Welcome to The Church of The Almighty Dollar's Membership Page. Here you will see that being exploited costs very little money, and that anyone with a dollar and a dream can be a member of our beloved church. Unlike some churches, we welcome EVERYONE to be exploited.
That's right, for only a dollar, YOU can be a beloved member of The Church of The Almighty Dollar. And that's not all! With your 1 dollar membership, you will be given your very own church name, (first name only) the knowledge you have been exploited, and will have unlimited access to our pious chatroom! What a deal! Interested? Go to the bottom of this page and fill out the membership order form! (Note: Your church name will arrive to you via your email address)

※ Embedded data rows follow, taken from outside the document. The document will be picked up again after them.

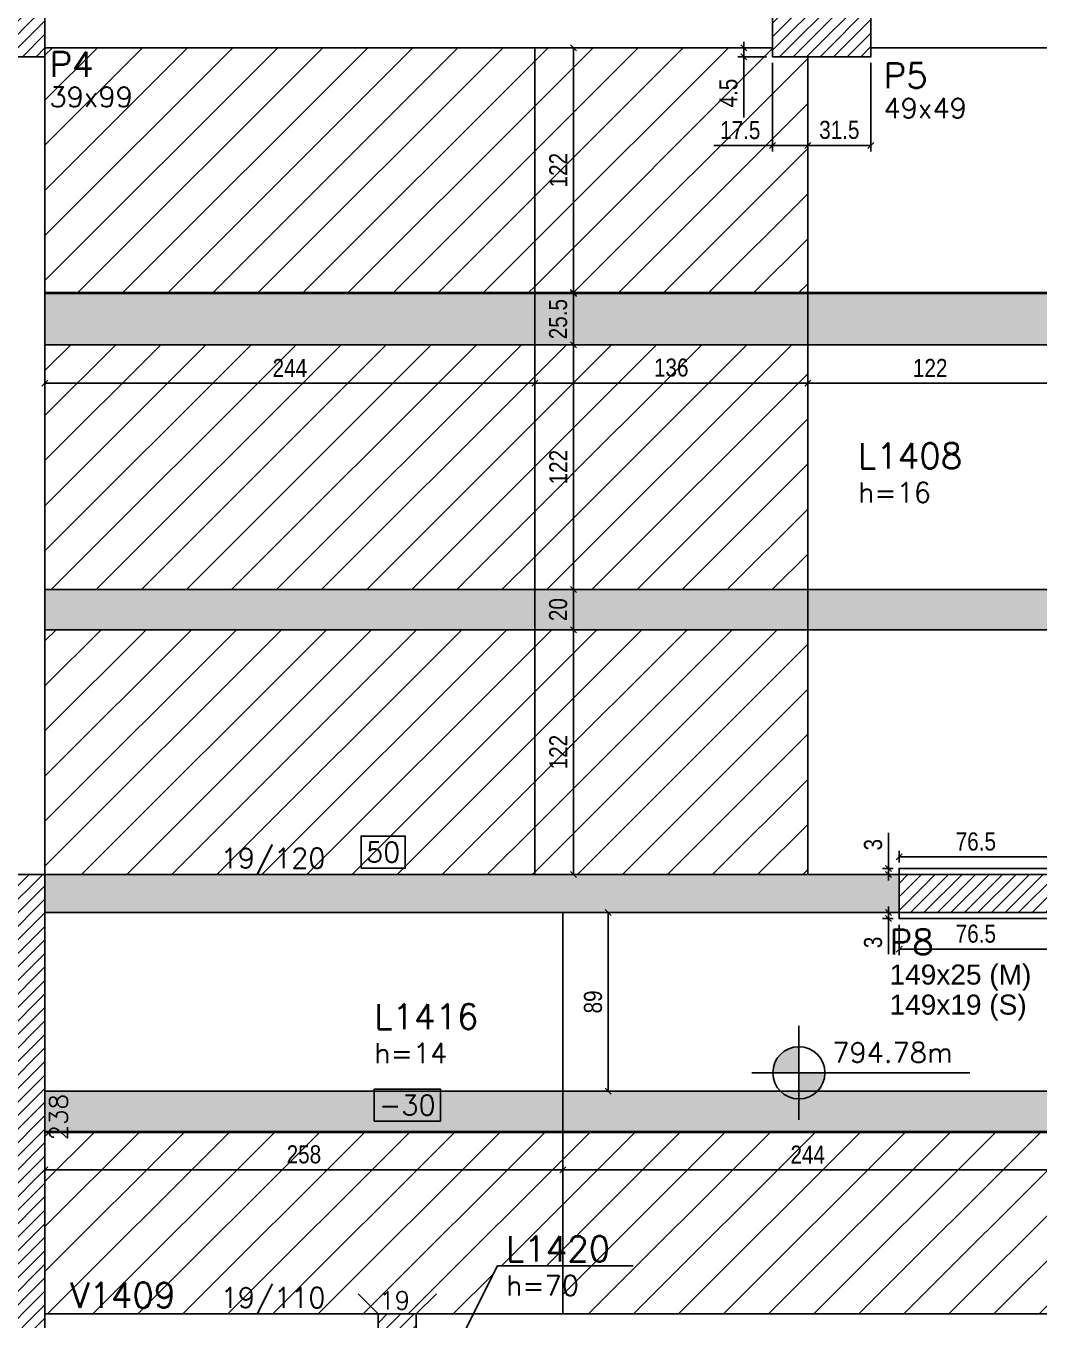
# Model space of a CAD drawing. Extents: x 1860 to 8661, y -614 to 3008.
# Drawn here: x 6275 to 6780, y 1142 to 1787 of the extents above; entities that cross this region are included whole.
import ezdxf
from ezdxf import colors
from ezdxf.entities.mleader import LeaderData, LeaderLine
from ezdxf.enums import TextEntityAlignment as Align
from ezdxf.math import Vec2, Vec3

# ---------------------------------------------------------------- set-up
doc = ezdxf.new("R2010")
doc.units = 0
for name, color, linetype in [('COTA', 241, 'Continuous'), ('F-AUX-RED', 1, 'Continuous'), ('F-DESNIVEL-1', 254, 'Continuous'), ('F-LAJES-DIM', 2, 'Continuous'), ('F-LAJES-NOME', 4, 'Continuous'), ('F-LAJES-R', 254, 'Continuous'), ('F-NÍVEL-PLANTA', 2, 'Continuous'), ('F-PILARES-DIM', 172, 'Continuous'), ('F-PILARES-HACH', 174, 'Continuous'), ('F-PILARES-M', 170, 'Continuous'), ('F-PILARES-N', 170, 'Continuous'), ('F-PILARES-NASCE', 4, 'Continuous'), ('F-PILARES-NOME', 170, 'Continuous'), ('F-PILARES-S', 170, 'Continuous'), ('F-PILARES-V', 170, 'Continuous'), ('F-TEXTO', 6, 'Continuous'), ('F-VIGAS', 3, 'Continuous'), ('F-VIGAS-DIM', 2, 'Continuous'), ('F-VIGAS-NOME', 4, 'Continuous'), ('Painéis', 200, 'Continuous')]:
    doc.layers.add(name, color=color, linetype=linetype)
doc.layers.add('F-DESNIVEL-4', color=7, linetype='Continuous', true_color=0xc3f1b6)
doc.layers.add('Hachura', color=251, linetype='Continuous', lineweight=9)
doc.styles.add('COTA TECNICA-50', font='techl___.ttf', dxfattribs={"height": 9})
doc.styles.add('MCP', font='romans.shx')
doc.styles.get("Standard").update_dxf_attribs({"font": 'arial.ttf'})
doc.dimstyles.new('COTA PAINEL-50', dxfattribs={"dimtxt": 9, "dimasz": 3, "dimexe": 3, "dimexo": 3, "dimgap": 3, "dimtad": 1, "dimdec": 1, "dimzin": 12, "dimdsep": 46, "dimtxsty": 'COTA TECNICA-50', "dimblk1": 'OBLIQUE', "dimblk2": 'OBLIQUE', "dimsah": 1, "dimcen": 0.9, "dimclrd": 4, "dimclre": 4, "dimclrt": 240, "dimadec": 1, "dimazin": 3, "dimtfac": 1, "dimtdec": 1, "dimtmove": 0, "dimatfit": 3, "dimfxl": 1, "dimtolj": 1, "dimtzin": 12, "dimarcsym": 0})
pattern_1 = [(45, (4214.506, 480.1385), (-3.367596, 3.367596), [])]

# ---------------------------------------------------------------- blocks, each defined once
blk = doc.blocks.new('*U36')
at = {"layer": 'F-LAJES-DIM', "color": 1}
blk.add_lwpolyline([(0, 0), (33, 0), (33, 16), (0, 16)], close=True, dxfattribs=at)
at = {"layer": 'F-LAJES-DIM', "style": 'MCP'}
blk.add_attdef('DIM', text='', height=10, dxfattribs=at).set_placement((16.5, 8), align=Align.MIDDLE_CENTER)
blk = doc.blocks.new('*U38')
at = {"layer": 'F-VIGAS-DIM', "color": 1}
blk.add_lwpolyline([(0, 0), (22, 0), (22, 16), (0, 16)], close=True, dxfattribs=at)
at = {"layer": 'F-VIGAS-DIM', "style": 'MCP'}
blk.add_attdef('DIM', text='', height=10, dxfattribs=at).set_placement((11, 8), align=Align.MIDDLE_CENTER)
blk = doc.blocks.new('Nível - Planta')
at = {"layer": 'F-NÍVEL-PLANTA'}
h = blk.add_hatch(color=71, dxfattribs=at)
h.paths.add_polyline_path([(0, 0), (0, 0.26, 0.414214), (-0.26, 0)])
h.paths.add_polyline_path([(0.26, 0), (0, 0), (0, -0.26, 0.414214)])
for p, q in [((0, -0.469), (0, 0.469)), ((-0.469, 0), (1.704, 0))]:
    blk.add_line(p, q, dxfattribs=at)
blk.add_circle((0, 0), 0.26, dxfattribs=at)
at = {"layer": 'F-TEXTO', "color": 3, "style": 'MCP'}
blk.add_attdef('NÍVEL', (0.333, 0.102), '', height=0.2, dxfattribs=at)
blk = doc.blocks.new('_Dot')
at = {"color": 0, "linetype": 'ByBlock', "lineweight": -2}
blk.add_line((-0.5, 0), (-1, 0), dxfattribs=at)
at = {"color": 0, "linetype": 'ByBlock', "const_width": 0.5}
blk.add_lwpolyline([(-0.25, 0, 1), (0.25, 0, 1)], format="xyb", close=True, dxfattribs=at)
blk = doc.blocks.new('_Oblique')
at = {"color": 0, "linetype": 'ByBlock', "lineweight": -2}
blk.add_line((-0.5, -0.5), (0.5, 0.5), dxfattribs=at)
blk = doc.blocks.new('*D95')
at = {"layer": 'COTA', "color": 4, "lineweight": -2, "transparency": 16777216}
for p, q in [((6284.51, 1624.64), (6284.51, 1605.51)), ((6528.51, 1624.64), (6528.51, 1605.51)), ((6284.51, 1608.51), (6528.51, 1608.51))]:
    blk.add_line(p, q, dxfattribs=at)
at = {"layer": 'Defpoints', "color": 0, "transparency": 16777216}
for p in [(6284.51, 1627.64), (6528.51, 1627.64), (6528.51, 1608.51)]:
    blk.add_point(p, dxfattribs=at)
at = {"layer": 'COTA', "color": 4, "lineweight": -2, "transparency": 16777216, "xscale": 3, "yscale": 3, "zscale": 3, "rotation": 180}
blk.add_blockref('_Oblique', (6284.51, 1608.51), dxfattribs=at)
at = {"layer": 'COTA', "color": 4, "lineweight": -2, "transparency": 16777216, "xscale": 3, "yscale": 3, "zscale": 3}
blk.add_blockref('_Oblique', (6528.51, 1608.51), dxfattribs=at)
at = {"layer": 'COTA', "color": 240, "transparency": 16777216, "insert": (6406.51, 1616.08), "char_height": 9, "attachment_point": 5, "style": 'COTA TECNICA-50'}
blk.add_mtext('\\A1;244', dxfattribs=at)
blk = doc.blocks.new('*D96')
at = {"layer": 'COTA', "color": 4, "lineweight": -2, "transparency": 16777216}
for p, q in [((6528.51, 1624.64), (6528.51, 1605.51)), ((6664.51, 1624.64), (6664.51, 1605.51)), ((6528.51, 1608.51), (6664.51, 1608.51))]:
    blk.add_line(p, q, dxfattribs=at)
at = {"layer": 'Defpoints', "color": 0, "transparency": 16777216}
for p in [(6528.51, 1627.64), (6664.51, 1627.64), (6664.51, 1608.51)]:
    blk.add_point(p, dxfattribs=at)
at = {"layer": 'COTA', "color": 4, "lineweight": -2, "transparency": 16777216, "xscale": 3, "yscale": 3, "zscale": 3, "rotation": 180}
blk.add_blockref('_Oblique', (6528.51, 1608.51), dxfattribs=at)
at = {"layer": 'COTA', "color": 4, "lineweight": -2, "transparency": 16777216, "xscale": 3, "yscale": 3, "zscale": 3}
blk.add_blockref('_Oblique', (6664.51, 1608.51), dxfattribs=at)
at = {"layer": 'COTA', "color": 240, "transparency": 16777216, "insert": (6596.51, 1616.21), "char_height": 9, "attachment_point": 5, "style": 'COTA TECNICA-50'}
blk.add_mtext('\\A1;136', dxfattribs=at)
blk = doc.blocks.new('*D97')
at = {"layer": 'COTA', "color": 4, "lineweight": -2, "transparency": 16777216}
for p, q in [((6664.51, 1624.64), (6664.51, 1605.51)), ((6786.51, 1624.64), (6786.51, 1605.51)), ((6664.51, 1608.51), (6786.51, 1608.51))]:
    blk.add_line(p, q, dxfattribs=at)
at = {"layer": 'Defpoints', "color": 0, "transparency": 16777216}
for p in [(6664.51, 1627.64), (6786.51, 1627.64), (6786.51, 1608.51)]:
    blk.add_point(p, dxfattribs=at)
at = {"layer": 'COTA', "color": 4, "lineweight": -2, "transparency": 16777216, "xscale": 3, "yscale": 3, "zscale": 3, "rotation": 180}
blk.add_blockref('_Oblique', (6664.51, 1608.51), dxfattribs=at)
at = {"layer": 'COTA', "color": 4, "lineweight": -2, "transparency": 16777216, "xscale": 3, "yscale": 3, "zscale": 3}
blk.add_blockref('_Oblique', (6786.51, 1608.51), dxfattribs=at)
at = {"layer": 'COTA', "color": 240, "transparency": 16777216, "insert": (6725.51, 1616.07), "char_height": 9, "attachment_point": 5, "style": 'COTA TECNICA-50'}
blk.add_mtext('\\A1;122', dxfattribs=at)
blk = doc.blocks.new('*D99')
at = {"layer": 'COTA', "color": 4, "lineweight": -2, "transparency": 16777216}
for p, q in [((6531.51, 1485.64), (6550.8, 1485.64)), ((6547.8, 1363.64), (6547.8, 1485.64)), ((6531.51, 1363.64), (6550.8, 1363.64))]:
    blk.add_line(p, q, dxfattribs=at)
at = {"layer": 'Defpoints', "color": 0, "transparency": 16777216}
for p in [(6528.51, 1485.64), (6547.8, 1485.64), (6528.51, 1363.64)]:
    blk.add_point(p, dxfattribs=at)
at = {"layer": 'COTA', "color": 4, "lineweight": -2, "transparency": 16777216, "xscale": 3, "yscale": 3, "zscale": 3}
for p, rotation in [((6547.8, 1485.64), 90), ((6547.8, 1363.64), 270)]:
    blk.add_blockref('_Oblique', p, dxfattribs=dict(at, rotation=rotation))
at = {"layer": 'COTA', "color": 240, "transparency": 16777216, "insert": (6540.24, 1424.64), "char_height": 9, "attachment_point": 5, "rotation": 90, "style": 'COTA TECNICA-50'}
blk.add_mtext('\\A1;122', dxfattribs=at)
blk = doc.blocks.new('*D100')
at = {"layer": 'COTA', "color": 4, "lineweight": -2, "transparency": 16777216}
for p, q in [((6531.51, 1505.64), (6550.8, 1505.64)), ((6547.8, 1485.64), (6547.8, 1505.64)), ((6531.51, 1485.64), (6550.8, 1485.64))]:
    blk.add_line(p, q, dxfattribs=at)
at = {"layer": 'Defpoints', "color": 0, "transparency": 16777216}
for p in [(6528.51, 1505.64), (6547.8, 1505.64), (6528.51, 1485.64)]:
    blk.add_point(p, dxfattribs=at)
at = {"layer": 'COTA', "color": 4, "lineweight": -2, "transparency": 16777216, "xscale": 3, "yscale": 3, "zscale": 3}
for p, rotation in [((6547.8, 1505.64), 90), ((6547.8, 1485.64), 270)]:
    blk.add_blockref('_Oblique', p, dxfattribs=dict(at, rotation=rotation))
at = {"layer": 'COTA', "color": 240, "transparency": 16777216, "insert": (6540.2, 1495.64), "char_height": 9, "attachment_point": 5, "rotation": 90, "style": 'COTA TECNICA-50'}
blk.add_mtext('\\A1;20', dxfattribs=at)
blk = doc.blocks.new('*D101')
at = {"layer": 'COTA', "color": 4, "lineweight": -2, "transparency": 16777216}
for p, q in [((6531.51, 1627.64), (6550.8, 1627.64)), ((6547.8, 1505.64), (6547.8, 1627.64)), ((6531.51, 1505.64), (6550.8, 1505.64))]:
    blk.add_line(p, q, dxfattribs=at)
at = {"layer": 'Defpoints', "color": 0, "transparency": 16777216}
for p in [(6528.51, 1627.64), (6547.8, 1627.64), (6528.51, 1505.64)]:
    blk.add_point(p, dxfattribs=at)
at = {"layer": 'COTA', "color": 4, "lineweight": -2, "transparency": 16777216, "xscale": 3, "yscale": 3, "zscale": 3}
for p, rotation in [((6547.8, 1627.64), 90), ((6547.8, 1505.64), 270)]:
    blk.add_blockref('_Oblique', p, dxfattribs=dict(at, rotation=rotation))
at = {"layer": 'COTA', "color": 240, "transparency": 16777216, "insert": (6540.24, 1566.64), "char_height": 9, "attachment_point": 5, "rotation": 90, "style": 'COTA TECNICA-50'}
blk.add_mtext('\\A1;122', dxfattribs=at)
blk = doc.blocks.new('*D102')
at = {"layer": 'COTA', "color": 4, "lineweight": -2, "transparency": 16777216}
for p, q in [((6531.51, 1653.14), (6550.8, 1653.14)), ((6547.8, 1627.64), (6547.8, 1653.14)), ((6531.51, 1627.64), (6550.8, 1627.64))]:
    blk.add_line(p, q, dxfattribs=at)
at = {"layer": 'Defpoints', "color": 0, "transparency": 16777216}
for p in [(6528.51, 1653.14), (6547.8, 1653.14), (6528.51, 1627.64)]:
    blk.add_point(p, dxfattribs=at)
at = {"layer": 'COTA', "color": 4, "lineweight": -2, "transparency": 16777216, "xscale": 3, "yscale": 3, "zscale": 3}
for p, rotation in [((6547.8, 1653.14), 90), ((6547.8, 1627.64), 270)]:
    blk.add_blockref('_Oblique', p, dxfattribs=dict(at, rotation=rotation))
at = {"layer": 'COTA', "color": 240, "transparency": 16777216, "insert": (6540.2, 1640.39), "char_height": 9, "attachment_point": 5, "rotation": 90, "style": 'COTA TECNICA-50'}
blk.add_mtext('\\A1;25.5', dxfattribs=at)
blk = doc.blocks.new('*D103')
at = {"layer": 'COTA', "color": 4, "lineweight": -2, "transparency": 16777216}
for p, q in [((6531.51, 1775.64), (6550.8, 1775.64)), ((6547.8, 1653.64), (6547.8, 1775.64)), ((6531.51, 1653.64), (6550.8, 1653.64))]:
    blk.add_line(p, q, dxfattribs=at)
at = {"layer": 'Defpoints', "color": 0, "transparency": 16777216}
for p in [(6528.51, 1775.64), (6547.8, 1775.64), (6528.51, 1653.64)]:
    blk.add_point(p, dxfattribs=at)
at = {"layer": 'COTA', "color": 4, "lineweight": -2, "transparency": 16777216, "xscale": 3, "yscale": 3, "zscale": 3}
for p, rotation in [((6547.8, 1775.64), 90), ((6547.8, 1653.64), 270)]:
    blk.add_blockref('_Oblique', p, dxfattribs=dict(at, rotation=rotation))
at = {"layer": 'COTA', "color": 240, "transparency": 16777216, "insert": (6540.24, 1714.64), "char_height": 9, "attachment_point": 5, "rotation": 90, "style": 'COTA TECNICA-50'}
blk.add_mtext('\\A1;122', dxfattribs=at)
blk = doc.blocks.new('*D104')
at = {"layer": 'COTA', "color": 4, "lineweight": -2, "transparency": 16777216}
for p, q in [((6644.01, 1775.64), (6629.63, 1775.64)), ((6632.63, 1775.64), (6632.63, 1778.64)), ((6632.63, 1775.64), (6632.63, 1771.14)), ((6644.01, 1771.14), (6629.63, 1771.14)), ((6632.63, 1771.14), (6632.63, 1740.94))]:
    blk.add_line(p, q, dxfattribs=at)
at = {"layer": 'Defpoints', "color": 0, "transparency": 16777216}
for p in [(6647.01, 1775.64), (6632.63, 1771.14), (6647.01, 1771.14)]:
    blk.add_point(p, dxfattribs=at)
at = {"layer": 'COTA', "color": 4, "lineweight": -2, "transparency": 16777216, "xscale": 3, "yscale": 3, "zscale": 3}
for p, rotation in [((6632.63, 1775.64), 270), ((6632.63, 1771.14), 90)]:
    blk.add_blockref('_Oblique', p, dxfattribs=dict(at, rotation=rotation))
at = {"layer": 'COTA', "color": 240, "transparency": 16777216, "insert": (6625.03, 1753.04), "char_height": 9, "attachment_point": 5, "rotation": 90, "style": 'COTA TECNICA-50'}
blk.add_mtext('\\A1;4.5', dxfattribs=at)
blk = doc.blocks.new('*D105')
at = {"layer": 'COTA', "color": 4, "lineweight": -2, "transparency": 16777216}
for p, q in [((6647.01, 1768.14), (6647.01, 1723.97)), ((6664.51, 1768.14), (6664.51, 1723.97)), ((6647.01, 1726.97), (6617.77, 1726.97)), ((6664.51, 1726.97), (6647.01, 1726.97))]:
    blk.add_line(p, q, dxfattribs=at)
at = {"layer": 'Defpoints', "color": 0, "transparency": 16777216}
for p in [(6647.01, 1771.14), (6664.51, 1771.14), (6647.01, 1726.97)]:
    blk.add_point(p, dxfattribs=at)
at = {"layer": 'COTA', "color": 4, "lineweight": -2, "transparency": 16777216, "xscale": 3, "yscale": 3, "zscale": 3, "rotation": 180}
blk.add_blockref('_Oblique', (6647.01, 1726.97), dxfattribs=at)
at = {"layer": 'COTA', "color": 4, "lineweight": -2, "transparency": 16777216, "xscale": 3, "yscale": 3, "zscale": 3}
blk.add_blockref('_Oblique', (6664.51, 1726.97), dxfattribs=at)
at = {"layer": 'COTA', "color": 240, "transparency": 16777216, "insert": (6630.89, 1734.57), "char_height": 9, "attachment_point": 5, "style": 'COTA TECNICA-50'}
blk.add_mtext('\\A1;17.5', dxfattribs=at)
blk = doc.blocks.new('*D106')
at = {"layer": 'COTA', "color": 4, "lineweight": -2, "transparency": 16777216}
for p, q in [((6664.51, 1768.14), (6664.51, 1723.97)), ((6696.01, 1768.14), (6696.01, 1723.97)), ((6664.51, 1726.97), (6696.01, 1726.97))]:
    blk.add_line(p, q, dxfattribs=at)
at = {"layer": 'Defpoints', "color": 0, "transparency": 16777216}
for p in [(6664.51, 1771.14), (6696.01, 1771.14), (6696.01, 1726.97)]:
    blk.add_point(p, dxfattribs=at)
at = {"layer": 'COTA', "color": 4, "lineweight": -2, "transparency": 16777216, "xscale": 3, "yscale": 3, "zscale": 3, "rotation": 180}
blk.add_blockref('_Oblique', (6664.51, 1726.97), dxfattribs=at)
at = {"layer": 'COTA', "color": 4, "lineweight": -2, "transparency": 16777216, "xscale": 3, "yscale": 3, "zscale": 3}
blk.add_blockref('_Oblique', (6696.01, 1726.97), dxfattribs=at)
at = {"layer": 'COTA', "color": 240, "transparency": 16777216, "insert": (6680.26, 1734.67), "char_height": 9, "attachment_point": 5, "style": 'COTA TECNICA-50'}
blk.add_mtext('\\A1;31.5', dxfattribs=at)
blk = doc.blocks.new('*D107')
at = {"layer": 'COTA', "color": 4, "lineweight": -2, "transparency": 16777216}
for p, q in [((6710.01, 1369.64), (6710.01, 1375.44)), ((6786.51, 1369.64), (6786.51, 1375.44)), ((6710.01, 1372.44), (6786.51, 1372.44))]:
    blk.add_line(p, q, dxfattribs=at)
at = {"layer": 'Defpoints', "color": 0, "transparency": 16777216}
for p in [(6786.51, 1372.44), (6710.01, 1366.64), (6786.51, 1366.64)]:
    blk.add_point(p, dxfattribs=at)
at = {"layer": 'COTA', "color": 4, "lineweight": -2, "transparency": 16777216, "xscale": 3, "yscale": 3, "zscale": 3, "rotation": 180}
blk.add_blockref('_Oblique', (6710.01, 1372.44), dxfattribs=at)
at = {"layer": 'COTA', "color": 4, "lineweight": -2, "transparency": 16777216, "xscale": 3, "yscale": 3, "zscale": 3}
blk.add_blockref('_Oblique', (6786.51, 1372.44), dxfattribs=at)
at = {"layer": 'COTA', "color": 240, "transparency": 16777216, "insert": (6748.26, 1380.04), "char_height": 9, "attachment_point": 5, "style": 'COTA TECNICA-50'}
blk.add_mtext('\\A1;76.5', dxfattribs=at)
blk = doc.blocks.new('*D109')
at = {"layer": 'COTA', "color": 4, "lineweight": -2, "transparency": 16777216}
for p, q in [((6704.78, 1366.64), (6704.78, 1384.34)), ((6707.01, 1366.64), (6701.78, 1366.64)), ((6706.91, 1363.64), (6701.78, 1363.64)), ((6704.78, 1363.64), (6704.78, 1366.64)), ((6704.78, 1363.64), (6704.78, 1360.64))]:
    blk.add_line(p, q, dxfattribs=at)
at = {"layer": 'Defpoints', "color": 0, "transparency": 16777216}
for p in [(6704.78, 1366.64), (6709.91, 1363.64), (6710.01, 1366.64)]:
    blk.add_point(p, dxfattribs=at)
at = {"layer": 'COTA', "color": 4, "lineweight": -2, "transparency": 16777216, "xscale": 3, "yscale": 3, "zscale": 3}
for p, rotation in [((6704.78, 1366.64), 270), ((6704.78, 1363.64), 90)]:
    blk.add_blockref('_Oblique', p, dxfattribs=dict(at, rotation=rotation))
at = {"layer": 'COTA', "color": 240, "transparency": 16777216, "insert": (6697.08, 1378.49), "char_height": 9, "attachment_point": 5, "rotation": 90, "style": 'COTA TECNICA-50'}
blk.add_mtext('\\A1;3', dxfattribs=at)
blk = doc.blocks.new('*D128')
at = {"layer": 'COTA', "color": 4, "lineweight": -2, "transparency": 16777216}
for p, q in [((6542.51, 1232.14), (6542.51, 1213.52)), ((6786.51, 1232.14), (6786.51, 1213.52)), ((6542.51, 1216.52), (6786.51, 1216.52))]:
    blk.add_line(p, q, dxfattribs=at)
at = {"layer": 'Defpoints', "color": 0, "transparency": 16777216}
for p in [(6542.51, 1235.14), (6786.51, 1235.14), (6786.51, 1216.52)]:
    blk.add_point(p, dxfattribs=at)
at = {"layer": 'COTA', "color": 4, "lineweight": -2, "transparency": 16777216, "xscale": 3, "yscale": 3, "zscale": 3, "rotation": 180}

"But wait!" you say, "I want more!" Well this is your lucky day, because here at The Church Of The Almighty Dollar, you can purchase the 3 dollar membership plan, not only will you be a member of The Church Of the Almighty Dollar, not only will you have unlimited access to our pious chatroom, but you will recieve a FULL church name! That's right. Not just a first name! But a first! a middle name! And yes, even a last name! And unlike our 1 dollar membership, this name can be either emailed OR mailed to you via the postal service! Interested? Go to the bottom of this page and fill out the membership order form!
But hell, lets face it. If you are going to pay 3 dollars-- you can afford the extra two and purchase our even more pious 5 dollar membership plan! Why not? Aren't you worth that extra level of exploitation? I think so! Plus with the 5 dollar membership plan, you get the unlimited access to the chatroom, you get a full churchname mailed to you either by email or via the postal service, but no. That is not all! If you purchase the 5 dollar membership plan, we will include your very own, do-it-yourself baptism kit! That's right! Now you can be baptized, and you don't even have to leave the comfort of your own home! And for five dollars? Exploitation never looked so good! Interested? Go to the bottom of this page and fill out the membership order form!
The next level in exploitation. The Official Church Of The Almighty Dollar Ten Dollar Membership Plan. Yes, a full churchname, unlimited access to our chatroom, the do-it-yourself baptism kit, not to mention that warm feeling of being exploited by the church that you belong, yes, that is all very well and good. But wouldn't it be grand to have proof of your exploitation. Wouldn't it be just fantastic to be able to carry that proof around with you whereever you go? I enjoy it everyday! And that is why with the 10 Dollar Membership Plan, we include all that PLUS a wallet fitting membership card, with YOUR very own church name on it! Interested? Go to the bottom of this page and fill out the membership order form!
But i've always said, that if you are doing to do something, do it right. Do it with passion. Go for the top! I present to you, The Grand Church Of The Almighty Dollar 15 Dollar Membership. This is the top of the line. You get the full churchname, unlimited access to the chatroom, the do-it-yourself baptism kit, the stylish membership card, PLUS your very own personalized house certificate, that proudly states that your house, that your apartment, that your condo, or whatever dwelling you consider home, has been officially exploited by The Church Of The Almighty Dollar. How many people can say that? Truly a conversational piece, this certificate that matches with almost any frame you can find, will be a great addition to your present home decor. Interested? Go to the bottom of this page and fill out the membership order form!
NOTE: The Church Of The Almighty Dollar accepts cash and checks only. Once we recieve your order we will email OR mail you a receipt of your order. Upon reciept of payment, we promise you will recieve your order. While The Church Of The Almighty Dollar is all about exploitation in regard to organized religion, we promise to send what you ordered. We have no desire to break the law, or piss off our members.